"Step by Step": promoting lunchtime walking to increase physical activity and improve mental well-being in sedentary employees

ISRCTN	ISRCTN81504663
DOI	https://doi.org/10.1186/ISRCTN81504663
ClinicalTrials.gov (NCT)	NCT01150084
Protocol serial number	TBF-08-004
Sponsor	University of Birmingham (UK)
Funder	BUPA Foundation (UK)

Submission date: 25/06/2010
Registration date: 10/08/2010
Last edited: 29/08/2018

Recruitment status: No longer recruiting
Overall study status: Completed
Condition category: Other

Prospectively registered

Protocol

Statistical analysis plan

Results

Individual participant data

Plain English summary of protocol

Not provided at time of registration

Contact information

Dr Cecilie Thogersen-Ntoumani
Scientific

School of Sport and Exercise Sciences
College of Life and Environmental Sciences
University of Birmingham
Edgbaston
Birmingham
B15 2TT
United Kingdom

Study information

Primary study design	Interventional
Study design	Randomised waiting list controlled feasibility study
Secondary study design	Randomised controlled trial
Study type	Participant information sheet
Scientific title	"Step by Step": a feasibility study of the promotion of lunchtime walking to increase physical activity and improve mental well-being in sedentary employees
Study acronym	Step by Step
Study objectives	To examine the feasibility of a sixteen-week lunchtime walking intervention designed to 1. Promote regular walking, and 2. Improve psycho-social well-being and work performance in sedentary employees
Ethics approval(s)	University of Birmingham Life and Health Sciences Ethical Review Committee approved on the 31st March 2009 (ref: ERN_09-154)
Health condition(s) or problem(s) studied	Physical inactivity/sedentary lifestyles
Intervention	A sixteen week randomised controlled trial, in which eligible participants will be randomised to an intervention and a waiting-list control group (to start at 10 weeks). The intervention will consist of a group support phase (weeks 1 - 10) and an independence phase (weeks 11 - 16). During the group-support phase, the participants will be asked to join in three weekly lunchtime walks of thirty minutes duration in a facilitator-led group (maximum of 12 per group), and will be challenged to accumulate 60 minutes of walking during the weekend. This would meet national recommendations of 150 minutes/week. The participants will be prompted to add their daily step count in log books at the end of every day. They will also receive two autonomy-supportive messages via a provided smartphone (used for monitoring and motivational purposes) per week during the group phase. During the independence phase, the group walks will cease to exist on a formal basis, and the participants will be encouraged to engage in a minimum of three weekly lunchtime walks plus two in the week-ends. Formation of smaller informal groups will be recommended.

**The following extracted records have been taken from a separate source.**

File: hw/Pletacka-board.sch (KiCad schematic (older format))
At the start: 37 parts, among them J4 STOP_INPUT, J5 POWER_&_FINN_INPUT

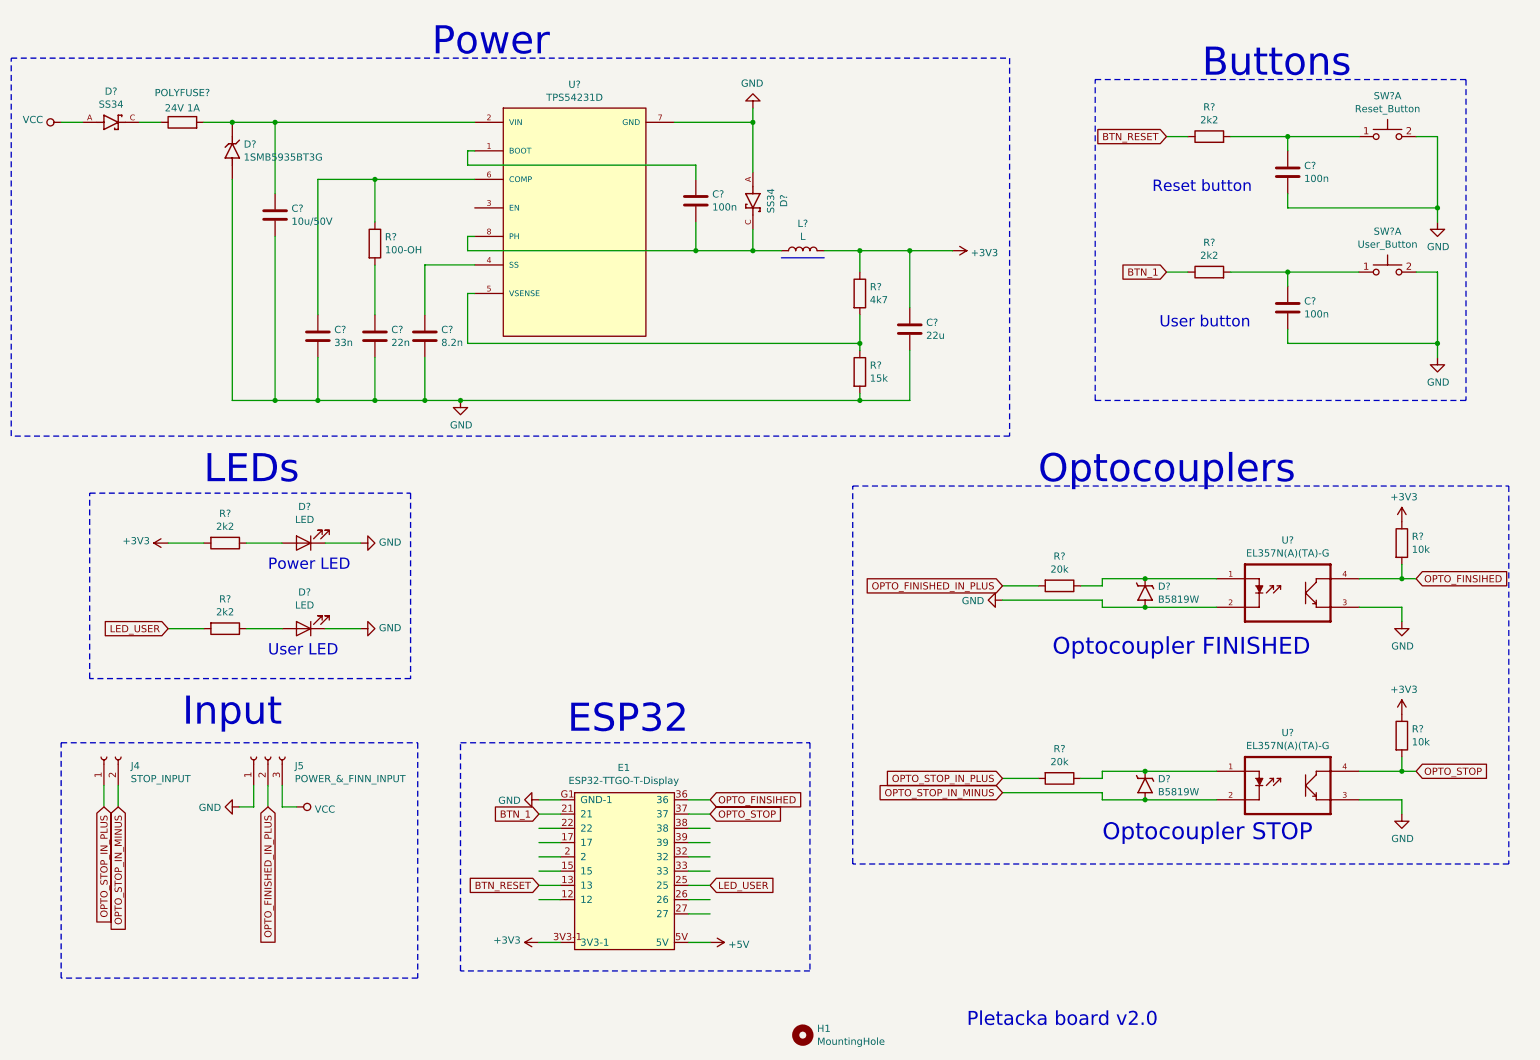
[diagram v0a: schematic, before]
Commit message: Remove blank sheets
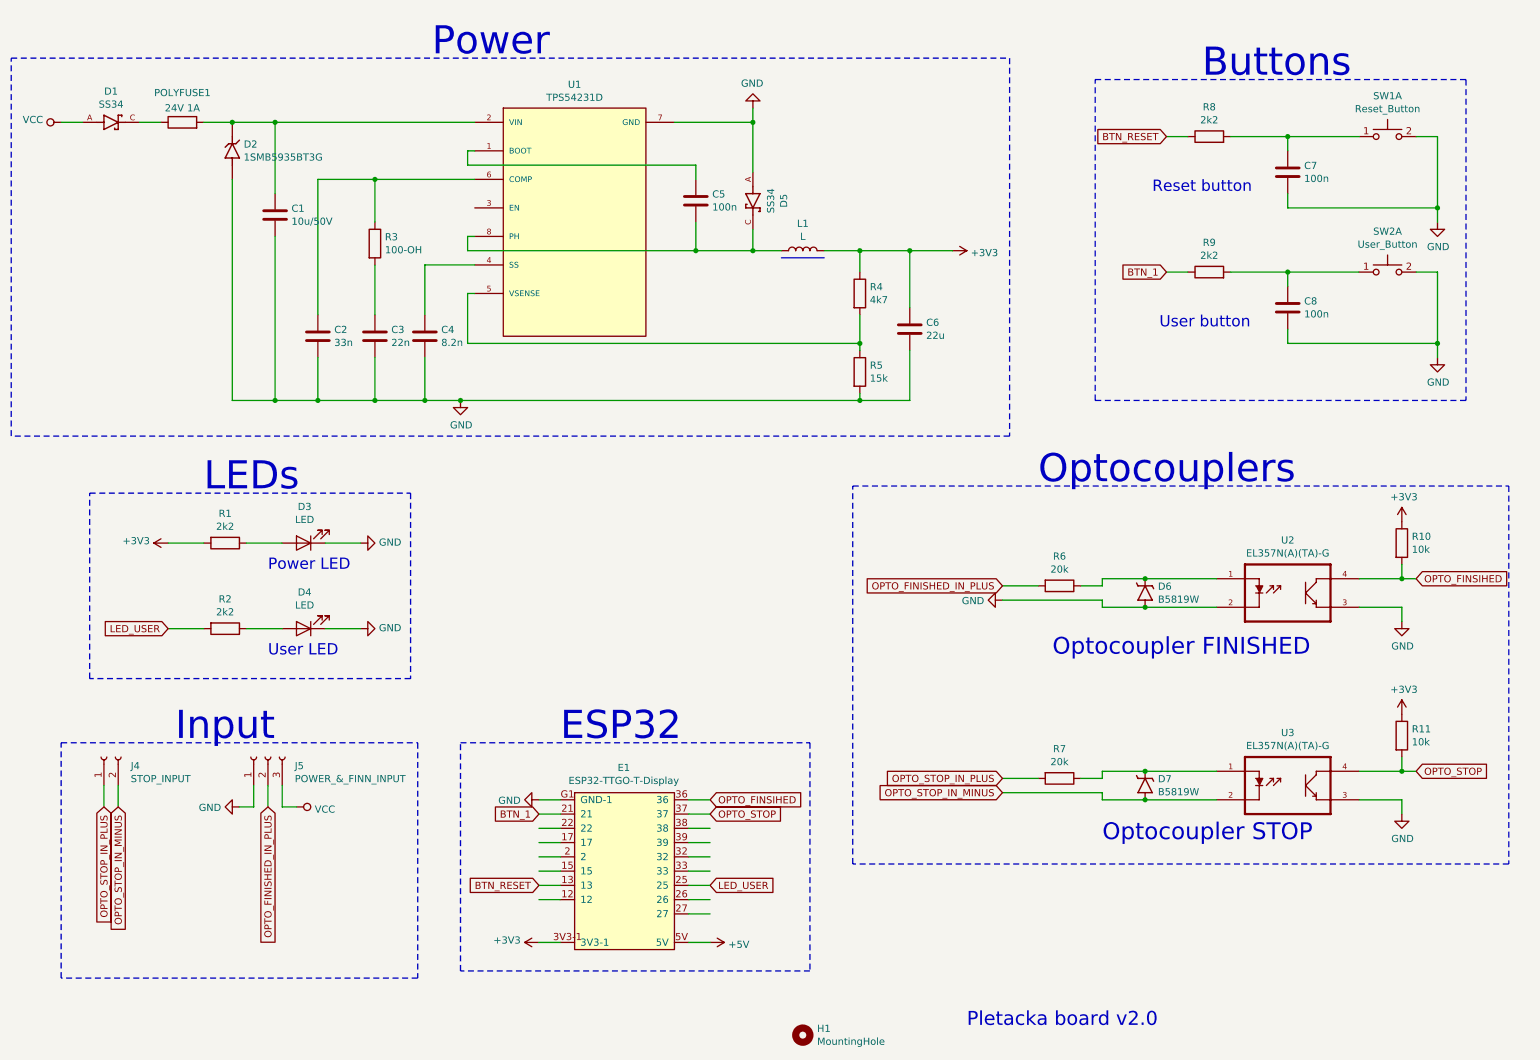
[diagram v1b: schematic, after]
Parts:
- gave numbers to parts that had none: 33

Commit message: Change buttons and fill ground
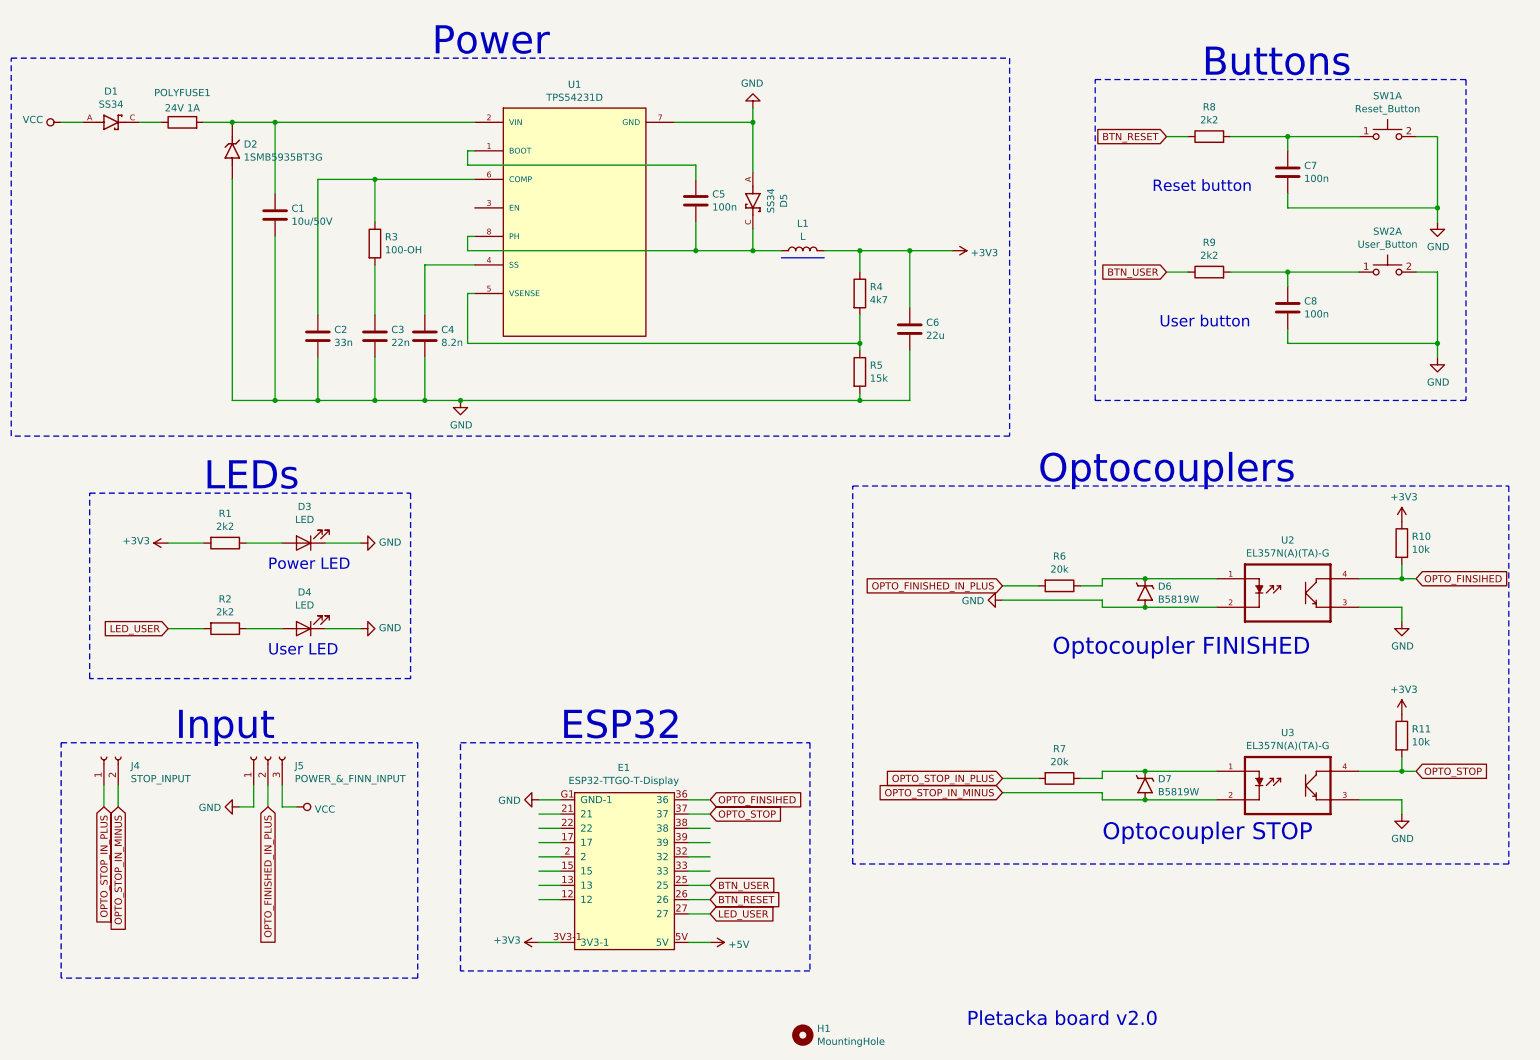
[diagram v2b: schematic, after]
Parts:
- SW1, SW2: footprint Button_SMD:SW_SPST_SKQG_WithStem -> Button_SMD:Button_SMD_10mm
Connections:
- net labels added: BTN_USER
- net labels removed: BTN_1
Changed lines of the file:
@@
 BTN_RESET
 Text GLabel 8750 2250 0    50   Input ~ 0
-BTN_1
+BTN_USER
 Text GLabel 10500 4400 2    50   Input ~ 0
 OPTO_FINSIHED
@@
 F 0 "SW1" H 10300 1585 50  0000 C CNN
 F 1 "Reset_Button" H 10300 1494 50  0000 C CNN
-F 2 "Button_SMD:SW_SPST_SKQG_WithStem" H 10300 1500 50  0001 C CNN
+F 2 "Button_SMD:Button_SMD_10mm" H 10300 1500 50  0001 C CNN
 F 3 "~" H 10300 1500 50  0001 C CNN
 F 4 "C318887" H 10300 1300 50  0001 C CNN "LCSC_ID"
@@
 F 0 "SW2" H 10300 2535 50  0000 C CNN
 F 1 "User_Button" H 10300 2444 50  0000 C CNN
-F 2 "Button_SMD:SW_SPST_SKQG_WithStem" H 10300 2450 50  0001 C CNN
+F 2 "Button_SMD:Button_SMD_10mm" H 10300 2450 50  0001 C CNN
 F 3 "~" H 10300 2450 50  0001 C CNN
 F 4 "C318887" H 10300 2250 50  0001 C CNN "LCSC_ID"
@@
 Wire Notes Line
 	6250 5550 6250 7150
-Text GLabel 5550 6550 2    50   Input ~ 0
+Text GLabel 5550 6750 2    50   Input ~ 0
 LED_USER
 Text Notes 4500 5550 0    197  ~ 0
@@
 Wire Wire Line
 	4500 6150 4350 6150
-Text GLabel 4350 6550 0    50   Input ~ 0
+Text GLabel 5550 6650 2    50   Input ~ 0
 BTN_RESET
-Text GLabel 4350 6050 0    50   Input ~ 0
-BTN_1
+Text GLabel 5550 6550 2    50   Input ~ 0
+BTN_USER
 Wire Wire Line
 	4500 6050 4350 6050

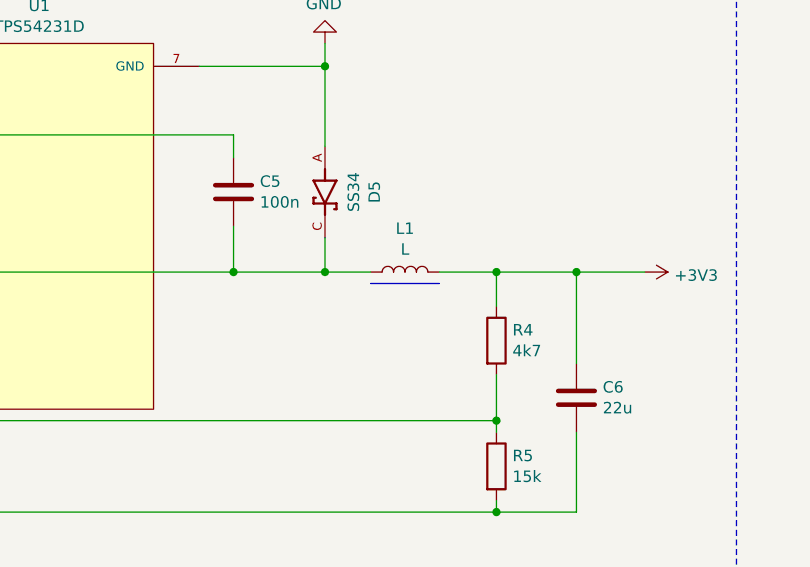
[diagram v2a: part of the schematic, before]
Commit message: Change Inductor
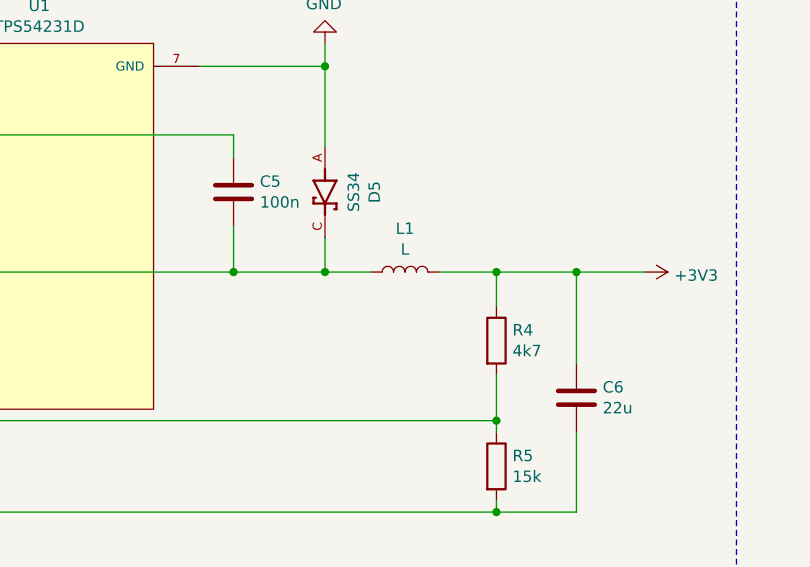
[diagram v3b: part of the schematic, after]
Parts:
- L1: footprint Inductor_SMD:L_TDK_SLF7045 -> SLW6045S220MST:SLW; LCSC_ID (none) -> C206321
- SW1, SW2: LCSC_ID C318887 -> C620322
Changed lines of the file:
@@
 F 2 "Button_SMD:Button_SMD_10mm" H 10300 1500 50  0001 C CNN
 F 3 "~" H 10300 1500 50  0001 C CNN
-F 4 "C318887" H 10300 1300 50  0001 C CNN "LCSC_ID"
+F 4 "C620322" H 10300 1300 50  0001 C CNN "LCSC_ID"
 	1    10300 1300
 	1    0    0    -1
@@
 F 2 "Button_SMD:Button_SMD_10mm" H 10300 2450 50  0001 C CNN
 F 3 "~" H 10300 2450 50  0001 C CNN
-F 4 "C318887" H 10300 2250 50  0001 C CNN "LCSC_ID"
+F 4 "C620322" H 10300 2250 50  0001 C CNN "LCSC_ID"
 	1    10300 2250
 	1    0    0    -1
@@
 F 0 "L1" V 6390 2100 50  0000 C CNN
 F 1 "L" V 6299 2100 50  0000 C CNN
-F 2 "Inductor_SMD:L_TDK_SLF7045" H 6200 2100 50  0001 C CNN
+F 2 "SLW6045S220MST:SLW" H 6200 2100 50  0001 C CNN
 F 3 "~" H 6200 2100 50  0001 C CNN
+F 4 "C206321" V 6200 2100 50  0001 C CNN "LCSC_ID"
 	1    6200 2100
 	0    -1   -1   0
@@
 Wire Wire Line
 	3550 3150 3800 3150
-Wire Bus Line
-	6050 2150 6350 2150
 Connection ~ 3800 3150
 Wire Wire Line

Three weekly autonomy-supportive messages will be provided.
Intervention type	Other
Primary outcome measure(s)	1. Step counts: measured daily (week 1 - 16) 2. Numbers of walks attended: measured weekly (week 1 - 10)
Key secondary outcome measure(s)	1. Job affect 2. Momentary job satisfaction: measured twice per day on two days per week (weeks 1 - 16) 3. Self-reported and manager ratings of work performance: measured at baseline (week 0) and week 17 4. Life satisfaction: measured at week 0, week 17 and 4 month follow-up 5. Subjective vitality: measured at week 0, week 17 and 4 month follow-up 6. Cardiovascular fitness: measured at week 0 and week 17 7. Self-reported levels of physical activity: measured at week 0, week 17 and 4 month follow-up
Completion date	01/03/2011

Eligibility

Participant type(s)	Healthy volunteer
Age group	Adult
Lower age limit	18 Years
Upper age limit	65 Years
Sex	All
Target sample size at registration	68
Key inclusion criteria	1. Healthy 2. Mobile 3. Aged 18 - 65 years, either sex 4. Employed in a sedentary job 5. Engaging in less than 30 minutes of moderate intensity physical activity five times per week
Key exclusion criteria	1. Significant auditory or visual problems 2. Severe musculoskeletal disorders that prevent them from engaging in physical activity 3. Medical clearance will be requested for those who report any cardiovascular disease
Date of first enrolment	07/09/2009
Date of final enrolment	01/03/2011

Locations

Countries of recruitment

United Kingdom
England

Study participating centre

University of Birmingham

Birmingham
B15 2TT
United Kingdom

Results and Publications

Individual participant data (IPD) Intention to share	No
IPD sharing plan summary	Not provided at time of registration
IPD sharing plan

Study outputs

Output type	Details	Date created	Date added	Peer reviewed?	Patient-facing?
Results article	results	01/12/2015		Yes	No
Protocol article	protocol	27/09/2010		Yes	No
Participant information sheet	Participant information sheet	11/11/2025	11/11/2025	No	Yes
Study website	Study website	11/11/2025	11/11/2025	No	Yes

Editorial Notes

29/08/2018: Publication reference added.